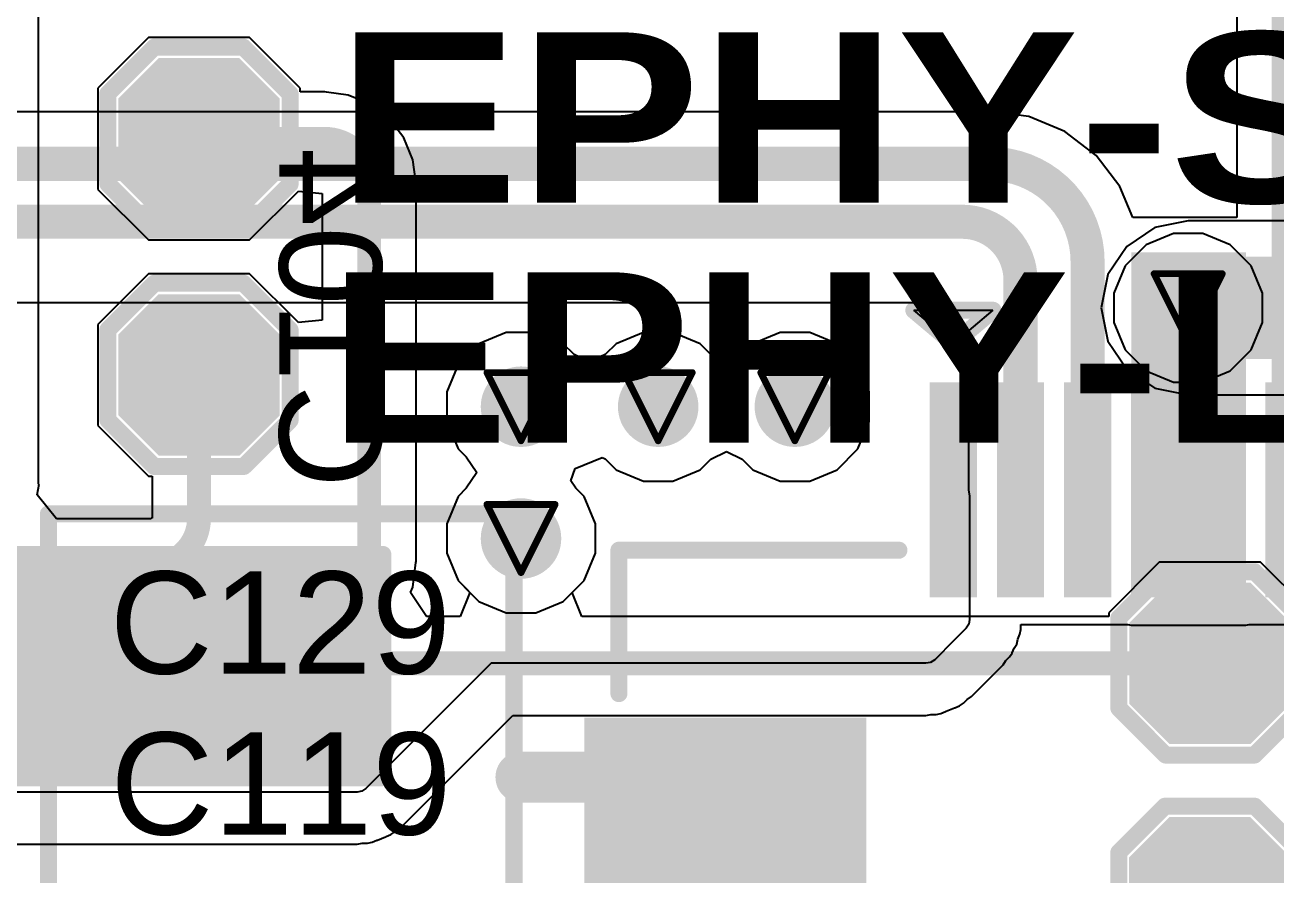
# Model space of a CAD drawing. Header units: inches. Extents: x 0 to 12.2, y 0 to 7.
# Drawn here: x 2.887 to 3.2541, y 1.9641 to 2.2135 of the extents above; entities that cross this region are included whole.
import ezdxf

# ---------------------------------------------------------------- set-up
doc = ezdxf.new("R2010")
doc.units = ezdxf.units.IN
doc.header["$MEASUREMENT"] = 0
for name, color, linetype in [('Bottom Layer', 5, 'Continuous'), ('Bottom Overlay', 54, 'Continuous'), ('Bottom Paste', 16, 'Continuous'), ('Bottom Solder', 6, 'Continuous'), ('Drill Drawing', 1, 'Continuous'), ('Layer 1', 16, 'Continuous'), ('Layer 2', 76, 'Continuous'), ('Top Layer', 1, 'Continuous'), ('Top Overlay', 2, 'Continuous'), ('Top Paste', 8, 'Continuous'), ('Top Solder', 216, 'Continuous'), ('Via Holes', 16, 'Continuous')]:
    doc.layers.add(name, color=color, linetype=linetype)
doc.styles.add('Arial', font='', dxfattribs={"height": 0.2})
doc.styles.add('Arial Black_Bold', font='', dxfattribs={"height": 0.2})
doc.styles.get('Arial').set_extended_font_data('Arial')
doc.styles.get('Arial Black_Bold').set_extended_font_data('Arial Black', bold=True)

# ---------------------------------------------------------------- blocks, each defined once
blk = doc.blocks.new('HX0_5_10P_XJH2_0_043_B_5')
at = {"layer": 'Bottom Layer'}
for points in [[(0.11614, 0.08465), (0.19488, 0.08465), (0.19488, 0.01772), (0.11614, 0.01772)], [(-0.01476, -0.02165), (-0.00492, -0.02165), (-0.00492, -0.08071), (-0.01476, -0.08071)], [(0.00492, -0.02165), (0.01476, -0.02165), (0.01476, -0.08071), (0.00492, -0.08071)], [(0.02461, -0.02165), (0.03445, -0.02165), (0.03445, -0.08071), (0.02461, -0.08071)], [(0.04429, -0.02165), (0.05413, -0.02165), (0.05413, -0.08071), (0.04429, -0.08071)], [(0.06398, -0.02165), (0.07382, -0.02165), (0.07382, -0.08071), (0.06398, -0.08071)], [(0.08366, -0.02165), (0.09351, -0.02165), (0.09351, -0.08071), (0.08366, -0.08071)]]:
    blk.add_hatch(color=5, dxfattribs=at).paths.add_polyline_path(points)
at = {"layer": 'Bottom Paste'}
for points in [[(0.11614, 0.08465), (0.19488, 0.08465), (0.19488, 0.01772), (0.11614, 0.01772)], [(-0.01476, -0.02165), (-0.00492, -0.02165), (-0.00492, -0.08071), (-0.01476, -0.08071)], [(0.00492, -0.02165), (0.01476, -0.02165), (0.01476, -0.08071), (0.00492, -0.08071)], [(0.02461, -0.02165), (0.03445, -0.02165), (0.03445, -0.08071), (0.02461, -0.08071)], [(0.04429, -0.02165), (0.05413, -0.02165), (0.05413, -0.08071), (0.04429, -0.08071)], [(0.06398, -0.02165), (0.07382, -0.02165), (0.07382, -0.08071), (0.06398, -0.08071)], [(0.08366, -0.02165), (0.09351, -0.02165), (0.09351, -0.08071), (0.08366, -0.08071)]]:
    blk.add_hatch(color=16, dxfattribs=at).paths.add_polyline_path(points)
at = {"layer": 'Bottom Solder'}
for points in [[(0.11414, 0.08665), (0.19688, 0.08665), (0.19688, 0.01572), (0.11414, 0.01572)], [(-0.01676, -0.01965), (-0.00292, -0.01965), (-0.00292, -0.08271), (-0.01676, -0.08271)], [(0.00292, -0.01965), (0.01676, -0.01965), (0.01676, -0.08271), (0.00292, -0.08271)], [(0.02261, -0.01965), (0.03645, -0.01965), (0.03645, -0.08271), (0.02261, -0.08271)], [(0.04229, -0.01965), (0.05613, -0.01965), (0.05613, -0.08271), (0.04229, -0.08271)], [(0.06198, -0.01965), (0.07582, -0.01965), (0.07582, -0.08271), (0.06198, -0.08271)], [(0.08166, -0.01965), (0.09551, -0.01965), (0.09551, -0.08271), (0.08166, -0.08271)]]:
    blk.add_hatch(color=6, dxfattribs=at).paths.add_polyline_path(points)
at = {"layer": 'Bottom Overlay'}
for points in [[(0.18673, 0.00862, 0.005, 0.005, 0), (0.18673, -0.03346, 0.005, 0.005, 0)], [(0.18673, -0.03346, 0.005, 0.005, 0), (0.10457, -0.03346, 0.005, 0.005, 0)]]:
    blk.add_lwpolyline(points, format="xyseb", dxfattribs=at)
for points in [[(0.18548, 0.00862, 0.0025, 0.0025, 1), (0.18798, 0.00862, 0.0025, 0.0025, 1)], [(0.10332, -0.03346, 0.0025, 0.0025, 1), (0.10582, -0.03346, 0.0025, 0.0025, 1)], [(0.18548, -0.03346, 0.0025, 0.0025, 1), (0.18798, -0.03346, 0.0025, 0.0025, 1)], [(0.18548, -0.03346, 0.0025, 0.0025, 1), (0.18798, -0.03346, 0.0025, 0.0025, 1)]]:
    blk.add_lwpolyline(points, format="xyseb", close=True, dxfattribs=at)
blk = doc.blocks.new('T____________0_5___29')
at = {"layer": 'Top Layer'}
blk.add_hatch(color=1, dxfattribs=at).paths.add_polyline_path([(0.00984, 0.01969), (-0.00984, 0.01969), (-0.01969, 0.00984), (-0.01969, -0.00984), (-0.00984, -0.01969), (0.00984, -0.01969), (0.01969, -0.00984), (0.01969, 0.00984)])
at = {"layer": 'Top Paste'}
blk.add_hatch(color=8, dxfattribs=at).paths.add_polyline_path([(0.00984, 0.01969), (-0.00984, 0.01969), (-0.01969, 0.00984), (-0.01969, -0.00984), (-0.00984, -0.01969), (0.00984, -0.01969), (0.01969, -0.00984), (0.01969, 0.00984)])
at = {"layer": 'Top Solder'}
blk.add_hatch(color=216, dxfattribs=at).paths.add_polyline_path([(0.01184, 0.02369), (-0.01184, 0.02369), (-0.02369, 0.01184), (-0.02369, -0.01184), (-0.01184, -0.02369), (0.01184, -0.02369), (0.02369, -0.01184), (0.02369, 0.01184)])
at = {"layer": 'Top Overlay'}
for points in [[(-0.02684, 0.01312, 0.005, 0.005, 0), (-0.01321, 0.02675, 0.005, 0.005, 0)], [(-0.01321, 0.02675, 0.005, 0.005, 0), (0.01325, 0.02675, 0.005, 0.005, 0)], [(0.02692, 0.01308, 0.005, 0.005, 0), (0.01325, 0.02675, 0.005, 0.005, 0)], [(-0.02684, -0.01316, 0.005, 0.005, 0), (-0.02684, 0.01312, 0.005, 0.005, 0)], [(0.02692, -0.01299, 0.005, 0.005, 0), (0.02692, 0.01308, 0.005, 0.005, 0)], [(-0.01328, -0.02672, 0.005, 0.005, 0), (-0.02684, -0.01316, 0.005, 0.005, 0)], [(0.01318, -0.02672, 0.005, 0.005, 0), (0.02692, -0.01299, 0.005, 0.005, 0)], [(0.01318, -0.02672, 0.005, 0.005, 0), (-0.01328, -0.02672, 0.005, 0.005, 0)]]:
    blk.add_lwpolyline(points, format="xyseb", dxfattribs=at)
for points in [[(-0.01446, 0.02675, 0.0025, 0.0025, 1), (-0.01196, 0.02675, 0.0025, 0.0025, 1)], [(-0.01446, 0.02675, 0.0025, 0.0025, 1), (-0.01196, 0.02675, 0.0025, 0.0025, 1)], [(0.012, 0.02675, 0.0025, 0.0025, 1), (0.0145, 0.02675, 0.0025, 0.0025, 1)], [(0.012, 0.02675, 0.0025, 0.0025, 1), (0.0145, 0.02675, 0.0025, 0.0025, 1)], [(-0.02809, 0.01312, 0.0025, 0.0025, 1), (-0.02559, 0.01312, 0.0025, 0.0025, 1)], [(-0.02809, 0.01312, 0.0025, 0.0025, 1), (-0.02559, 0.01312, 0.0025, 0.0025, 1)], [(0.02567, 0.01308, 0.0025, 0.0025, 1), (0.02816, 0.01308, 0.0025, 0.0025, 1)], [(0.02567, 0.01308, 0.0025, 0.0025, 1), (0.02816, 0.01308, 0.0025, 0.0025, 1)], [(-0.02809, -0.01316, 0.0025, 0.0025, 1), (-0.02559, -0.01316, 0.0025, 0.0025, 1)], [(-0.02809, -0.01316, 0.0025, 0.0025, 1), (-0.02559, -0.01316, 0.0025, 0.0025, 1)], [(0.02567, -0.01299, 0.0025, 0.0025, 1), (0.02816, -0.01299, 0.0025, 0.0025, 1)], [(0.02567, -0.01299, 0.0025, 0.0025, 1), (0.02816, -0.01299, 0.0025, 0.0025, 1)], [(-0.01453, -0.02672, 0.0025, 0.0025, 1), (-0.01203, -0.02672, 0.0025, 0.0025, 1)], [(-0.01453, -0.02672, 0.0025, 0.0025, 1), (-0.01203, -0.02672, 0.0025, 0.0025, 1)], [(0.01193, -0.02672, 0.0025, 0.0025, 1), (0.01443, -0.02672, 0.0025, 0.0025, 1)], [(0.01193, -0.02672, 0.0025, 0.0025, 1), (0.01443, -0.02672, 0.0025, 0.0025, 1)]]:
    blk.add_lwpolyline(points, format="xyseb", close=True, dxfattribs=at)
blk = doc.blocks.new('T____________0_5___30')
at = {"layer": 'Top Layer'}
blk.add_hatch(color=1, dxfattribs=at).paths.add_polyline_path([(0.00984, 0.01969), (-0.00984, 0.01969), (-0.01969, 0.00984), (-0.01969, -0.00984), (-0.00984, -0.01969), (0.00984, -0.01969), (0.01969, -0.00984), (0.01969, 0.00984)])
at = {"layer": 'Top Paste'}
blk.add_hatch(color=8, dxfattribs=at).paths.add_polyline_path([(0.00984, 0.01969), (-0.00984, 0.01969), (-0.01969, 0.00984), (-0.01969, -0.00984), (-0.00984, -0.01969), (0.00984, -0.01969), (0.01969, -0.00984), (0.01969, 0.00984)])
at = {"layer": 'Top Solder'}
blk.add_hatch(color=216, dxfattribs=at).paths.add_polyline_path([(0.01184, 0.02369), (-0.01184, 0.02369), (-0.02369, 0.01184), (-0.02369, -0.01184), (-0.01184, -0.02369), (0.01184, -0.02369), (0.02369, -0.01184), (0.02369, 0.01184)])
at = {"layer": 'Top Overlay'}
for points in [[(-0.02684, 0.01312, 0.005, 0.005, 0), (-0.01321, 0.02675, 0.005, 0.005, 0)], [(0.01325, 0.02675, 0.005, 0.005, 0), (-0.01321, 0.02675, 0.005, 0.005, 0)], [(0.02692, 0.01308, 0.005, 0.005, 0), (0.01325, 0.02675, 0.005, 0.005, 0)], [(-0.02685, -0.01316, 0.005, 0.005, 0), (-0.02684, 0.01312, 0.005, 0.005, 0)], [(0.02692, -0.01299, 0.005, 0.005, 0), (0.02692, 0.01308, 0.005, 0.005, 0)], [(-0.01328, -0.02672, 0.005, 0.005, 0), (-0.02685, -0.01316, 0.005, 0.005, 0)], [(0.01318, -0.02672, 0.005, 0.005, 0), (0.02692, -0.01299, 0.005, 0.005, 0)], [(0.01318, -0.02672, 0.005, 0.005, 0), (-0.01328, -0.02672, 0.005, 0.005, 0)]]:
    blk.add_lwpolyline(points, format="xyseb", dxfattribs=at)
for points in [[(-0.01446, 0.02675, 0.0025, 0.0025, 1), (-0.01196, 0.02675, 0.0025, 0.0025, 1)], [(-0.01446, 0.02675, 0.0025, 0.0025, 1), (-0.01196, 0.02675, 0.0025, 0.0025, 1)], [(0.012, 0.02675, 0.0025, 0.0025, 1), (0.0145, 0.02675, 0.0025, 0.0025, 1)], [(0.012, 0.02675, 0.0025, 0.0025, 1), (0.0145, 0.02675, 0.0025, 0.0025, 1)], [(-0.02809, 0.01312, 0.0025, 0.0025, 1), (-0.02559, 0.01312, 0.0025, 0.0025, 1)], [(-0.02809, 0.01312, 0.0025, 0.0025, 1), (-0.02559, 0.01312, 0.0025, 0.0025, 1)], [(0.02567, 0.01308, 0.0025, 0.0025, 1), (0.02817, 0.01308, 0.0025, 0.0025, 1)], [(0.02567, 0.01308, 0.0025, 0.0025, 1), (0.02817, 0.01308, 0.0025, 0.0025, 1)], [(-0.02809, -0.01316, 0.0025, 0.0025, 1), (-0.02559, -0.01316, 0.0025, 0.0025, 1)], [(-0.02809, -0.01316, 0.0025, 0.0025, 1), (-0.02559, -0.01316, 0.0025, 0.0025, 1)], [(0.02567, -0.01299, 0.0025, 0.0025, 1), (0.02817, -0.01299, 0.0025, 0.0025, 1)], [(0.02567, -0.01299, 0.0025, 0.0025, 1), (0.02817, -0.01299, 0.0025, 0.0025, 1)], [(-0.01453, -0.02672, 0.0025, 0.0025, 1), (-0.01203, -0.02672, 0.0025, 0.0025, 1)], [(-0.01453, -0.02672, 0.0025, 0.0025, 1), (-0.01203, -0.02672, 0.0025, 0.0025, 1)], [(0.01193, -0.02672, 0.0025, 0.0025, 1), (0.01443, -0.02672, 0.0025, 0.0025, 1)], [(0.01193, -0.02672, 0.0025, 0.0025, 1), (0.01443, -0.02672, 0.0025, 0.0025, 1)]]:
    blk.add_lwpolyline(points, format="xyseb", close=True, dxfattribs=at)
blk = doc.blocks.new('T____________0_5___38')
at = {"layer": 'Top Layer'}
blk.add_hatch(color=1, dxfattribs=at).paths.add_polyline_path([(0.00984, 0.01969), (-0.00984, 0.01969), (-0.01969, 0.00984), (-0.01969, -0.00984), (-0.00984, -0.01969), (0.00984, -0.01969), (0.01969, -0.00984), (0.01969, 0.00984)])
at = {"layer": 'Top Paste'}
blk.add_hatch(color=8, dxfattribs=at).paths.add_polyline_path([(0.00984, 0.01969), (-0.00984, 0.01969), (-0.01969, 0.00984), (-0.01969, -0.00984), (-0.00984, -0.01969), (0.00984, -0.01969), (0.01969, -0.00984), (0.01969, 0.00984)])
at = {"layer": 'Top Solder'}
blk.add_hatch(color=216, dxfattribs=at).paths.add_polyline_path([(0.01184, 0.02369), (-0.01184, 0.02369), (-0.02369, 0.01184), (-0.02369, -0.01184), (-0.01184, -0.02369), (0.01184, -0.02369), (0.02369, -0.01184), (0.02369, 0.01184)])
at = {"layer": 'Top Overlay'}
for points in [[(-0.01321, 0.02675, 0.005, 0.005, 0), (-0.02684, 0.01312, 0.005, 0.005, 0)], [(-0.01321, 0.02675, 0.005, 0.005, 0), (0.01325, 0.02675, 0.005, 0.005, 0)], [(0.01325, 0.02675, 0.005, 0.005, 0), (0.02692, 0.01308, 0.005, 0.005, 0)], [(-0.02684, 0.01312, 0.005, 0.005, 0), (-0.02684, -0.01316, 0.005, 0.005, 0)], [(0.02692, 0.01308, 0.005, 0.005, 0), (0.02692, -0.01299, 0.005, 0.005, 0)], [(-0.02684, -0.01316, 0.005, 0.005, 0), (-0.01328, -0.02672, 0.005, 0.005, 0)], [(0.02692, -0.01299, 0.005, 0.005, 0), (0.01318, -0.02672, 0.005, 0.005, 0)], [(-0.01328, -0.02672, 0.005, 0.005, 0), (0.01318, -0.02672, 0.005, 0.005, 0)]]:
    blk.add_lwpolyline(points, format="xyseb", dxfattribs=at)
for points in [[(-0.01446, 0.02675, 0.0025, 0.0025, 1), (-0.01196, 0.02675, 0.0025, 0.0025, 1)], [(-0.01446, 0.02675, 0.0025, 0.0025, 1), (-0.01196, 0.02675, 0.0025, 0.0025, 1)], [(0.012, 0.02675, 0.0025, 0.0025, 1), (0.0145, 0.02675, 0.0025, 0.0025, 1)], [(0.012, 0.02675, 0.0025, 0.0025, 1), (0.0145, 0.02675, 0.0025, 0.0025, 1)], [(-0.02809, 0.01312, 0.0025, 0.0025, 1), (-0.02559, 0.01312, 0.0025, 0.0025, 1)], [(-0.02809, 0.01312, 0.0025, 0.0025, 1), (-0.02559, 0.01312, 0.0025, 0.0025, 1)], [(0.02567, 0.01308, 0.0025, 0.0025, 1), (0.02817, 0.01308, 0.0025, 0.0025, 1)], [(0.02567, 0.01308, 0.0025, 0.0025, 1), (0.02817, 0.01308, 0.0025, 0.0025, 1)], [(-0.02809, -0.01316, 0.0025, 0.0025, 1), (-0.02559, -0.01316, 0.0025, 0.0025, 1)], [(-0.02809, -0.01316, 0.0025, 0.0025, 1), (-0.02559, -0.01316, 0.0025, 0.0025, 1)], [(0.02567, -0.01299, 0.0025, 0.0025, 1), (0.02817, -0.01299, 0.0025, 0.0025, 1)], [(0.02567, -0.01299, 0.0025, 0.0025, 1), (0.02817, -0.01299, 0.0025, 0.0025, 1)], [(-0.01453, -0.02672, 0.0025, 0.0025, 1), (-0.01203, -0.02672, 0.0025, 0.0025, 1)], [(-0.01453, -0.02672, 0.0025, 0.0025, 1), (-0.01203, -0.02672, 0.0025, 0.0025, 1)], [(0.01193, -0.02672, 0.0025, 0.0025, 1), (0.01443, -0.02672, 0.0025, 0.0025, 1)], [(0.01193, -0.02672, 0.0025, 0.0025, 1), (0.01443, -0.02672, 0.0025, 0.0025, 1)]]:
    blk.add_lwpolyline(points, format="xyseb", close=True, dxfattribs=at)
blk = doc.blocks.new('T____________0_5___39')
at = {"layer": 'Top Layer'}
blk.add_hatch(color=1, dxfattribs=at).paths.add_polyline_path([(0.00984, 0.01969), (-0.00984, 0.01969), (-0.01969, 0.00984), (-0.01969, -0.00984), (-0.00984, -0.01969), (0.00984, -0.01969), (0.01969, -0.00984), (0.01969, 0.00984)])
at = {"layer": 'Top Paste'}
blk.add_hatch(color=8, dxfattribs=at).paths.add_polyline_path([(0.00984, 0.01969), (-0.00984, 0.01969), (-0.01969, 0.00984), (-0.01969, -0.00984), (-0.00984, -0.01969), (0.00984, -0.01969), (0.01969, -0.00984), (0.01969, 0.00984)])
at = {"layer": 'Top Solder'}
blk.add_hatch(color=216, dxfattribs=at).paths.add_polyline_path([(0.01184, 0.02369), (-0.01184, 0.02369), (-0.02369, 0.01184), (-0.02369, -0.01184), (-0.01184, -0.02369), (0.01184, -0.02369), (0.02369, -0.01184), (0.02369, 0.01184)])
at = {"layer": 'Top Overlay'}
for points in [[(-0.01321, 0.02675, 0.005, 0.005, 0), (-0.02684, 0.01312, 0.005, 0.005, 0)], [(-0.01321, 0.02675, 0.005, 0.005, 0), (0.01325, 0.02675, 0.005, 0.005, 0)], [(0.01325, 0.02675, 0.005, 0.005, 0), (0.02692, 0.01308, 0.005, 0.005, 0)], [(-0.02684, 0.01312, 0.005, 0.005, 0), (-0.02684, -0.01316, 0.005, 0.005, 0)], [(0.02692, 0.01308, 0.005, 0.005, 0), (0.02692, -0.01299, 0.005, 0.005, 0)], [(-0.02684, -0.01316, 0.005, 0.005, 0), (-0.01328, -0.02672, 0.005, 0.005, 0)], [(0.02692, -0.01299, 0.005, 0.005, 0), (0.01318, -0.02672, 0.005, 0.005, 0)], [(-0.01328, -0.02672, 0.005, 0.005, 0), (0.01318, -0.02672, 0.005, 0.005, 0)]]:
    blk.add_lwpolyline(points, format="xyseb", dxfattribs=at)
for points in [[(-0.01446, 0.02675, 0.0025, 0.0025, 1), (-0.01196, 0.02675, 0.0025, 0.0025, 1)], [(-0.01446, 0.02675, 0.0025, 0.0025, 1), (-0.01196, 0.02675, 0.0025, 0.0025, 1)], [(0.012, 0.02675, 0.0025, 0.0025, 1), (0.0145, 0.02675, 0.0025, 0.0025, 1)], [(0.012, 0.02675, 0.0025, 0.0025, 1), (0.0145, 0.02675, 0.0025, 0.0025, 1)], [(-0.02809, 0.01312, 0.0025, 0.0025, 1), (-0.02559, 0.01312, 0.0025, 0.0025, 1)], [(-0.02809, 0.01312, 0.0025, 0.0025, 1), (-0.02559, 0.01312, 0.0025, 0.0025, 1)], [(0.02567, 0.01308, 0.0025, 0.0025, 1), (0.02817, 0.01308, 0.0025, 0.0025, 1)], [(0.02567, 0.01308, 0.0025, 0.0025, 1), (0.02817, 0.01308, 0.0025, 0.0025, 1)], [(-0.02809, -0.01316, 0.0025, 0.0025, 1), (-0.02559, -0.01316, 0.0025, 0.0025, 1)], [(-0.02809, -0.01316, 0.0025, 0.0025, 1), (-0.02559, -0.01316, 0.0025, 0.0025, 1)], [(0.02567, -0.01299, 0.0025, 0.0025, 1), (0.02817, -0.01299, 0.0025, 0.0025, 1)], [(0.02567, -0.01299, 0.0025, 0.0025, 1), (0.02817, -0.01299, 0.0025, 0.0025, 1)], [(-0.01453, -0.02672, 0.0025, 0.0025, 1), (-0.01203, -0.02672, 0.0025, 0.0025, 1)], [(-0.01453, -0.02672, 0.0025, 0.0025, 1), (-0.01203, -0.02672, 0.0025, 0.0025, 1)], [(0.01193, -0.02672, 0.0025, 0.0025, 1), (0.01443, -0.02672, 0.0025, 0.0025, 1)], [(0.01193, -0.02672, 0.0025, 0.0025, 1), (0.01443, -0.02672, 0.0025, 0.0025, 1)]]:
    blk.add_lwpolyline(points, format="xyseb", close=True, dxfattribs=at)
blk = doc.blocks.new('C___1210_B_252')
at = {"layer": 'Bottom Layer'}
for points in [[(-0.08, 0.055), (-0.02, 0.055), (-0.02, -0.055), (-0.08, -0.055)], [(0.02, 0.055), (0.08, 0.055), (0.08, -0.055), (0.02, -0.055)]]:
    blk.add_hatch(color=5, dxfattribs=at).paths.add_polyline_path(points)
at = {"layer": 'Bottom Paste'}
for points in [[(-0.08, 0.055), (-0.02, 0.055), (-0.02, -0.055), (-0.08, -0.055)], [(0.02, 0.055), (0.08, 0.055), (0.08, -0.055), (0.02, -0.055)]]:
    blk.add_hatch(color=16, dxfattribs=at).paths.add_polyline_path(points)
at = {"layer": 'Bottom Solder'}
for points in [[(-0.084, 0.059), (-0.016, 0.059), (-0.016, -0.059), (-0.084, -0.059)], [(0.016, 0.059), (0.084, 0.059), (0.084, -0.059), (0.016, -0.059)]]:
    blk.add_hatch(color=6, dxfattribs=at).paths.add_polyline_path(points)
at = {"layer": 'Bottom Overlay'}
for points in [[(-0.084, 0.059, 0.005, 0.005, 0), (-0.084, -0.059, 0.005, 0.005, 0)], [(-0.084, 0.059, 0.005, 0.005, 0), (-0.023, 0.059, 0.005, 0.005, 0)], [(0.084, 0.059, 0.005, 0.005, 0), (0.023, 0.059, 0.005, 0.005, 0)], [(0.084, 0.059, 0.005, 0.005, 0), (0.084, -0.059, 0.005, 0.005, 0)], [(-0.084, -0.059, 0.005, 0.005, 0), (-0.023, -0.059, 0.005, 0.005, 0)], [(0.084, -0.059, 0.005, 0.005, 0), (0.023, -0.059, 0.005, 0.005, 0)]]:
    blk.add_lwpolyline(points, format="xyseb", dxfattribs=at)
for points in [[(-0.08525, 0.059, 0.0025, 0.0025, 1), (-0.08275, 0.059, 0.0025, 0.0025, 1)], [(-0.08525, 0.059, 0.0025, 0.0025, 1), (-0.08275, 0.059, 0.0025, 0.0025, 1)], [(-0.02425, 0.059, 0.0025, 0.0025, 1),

=====

• **Task instructions**: Write out the records above exactly. Begin with the first line, end with the line holding "import ezdxf", and drop the pictures.

• **Result for this exercise**:
# Model space of a CAD drawing. Header units: inches. Extents: x 0 to 12.2, y 0 to 7.
# Drawn here: x 2.887 to 3.2541, y 1.9641 to 2.2135 of the extents above; entities that cross this region are included whole.
import ezdxf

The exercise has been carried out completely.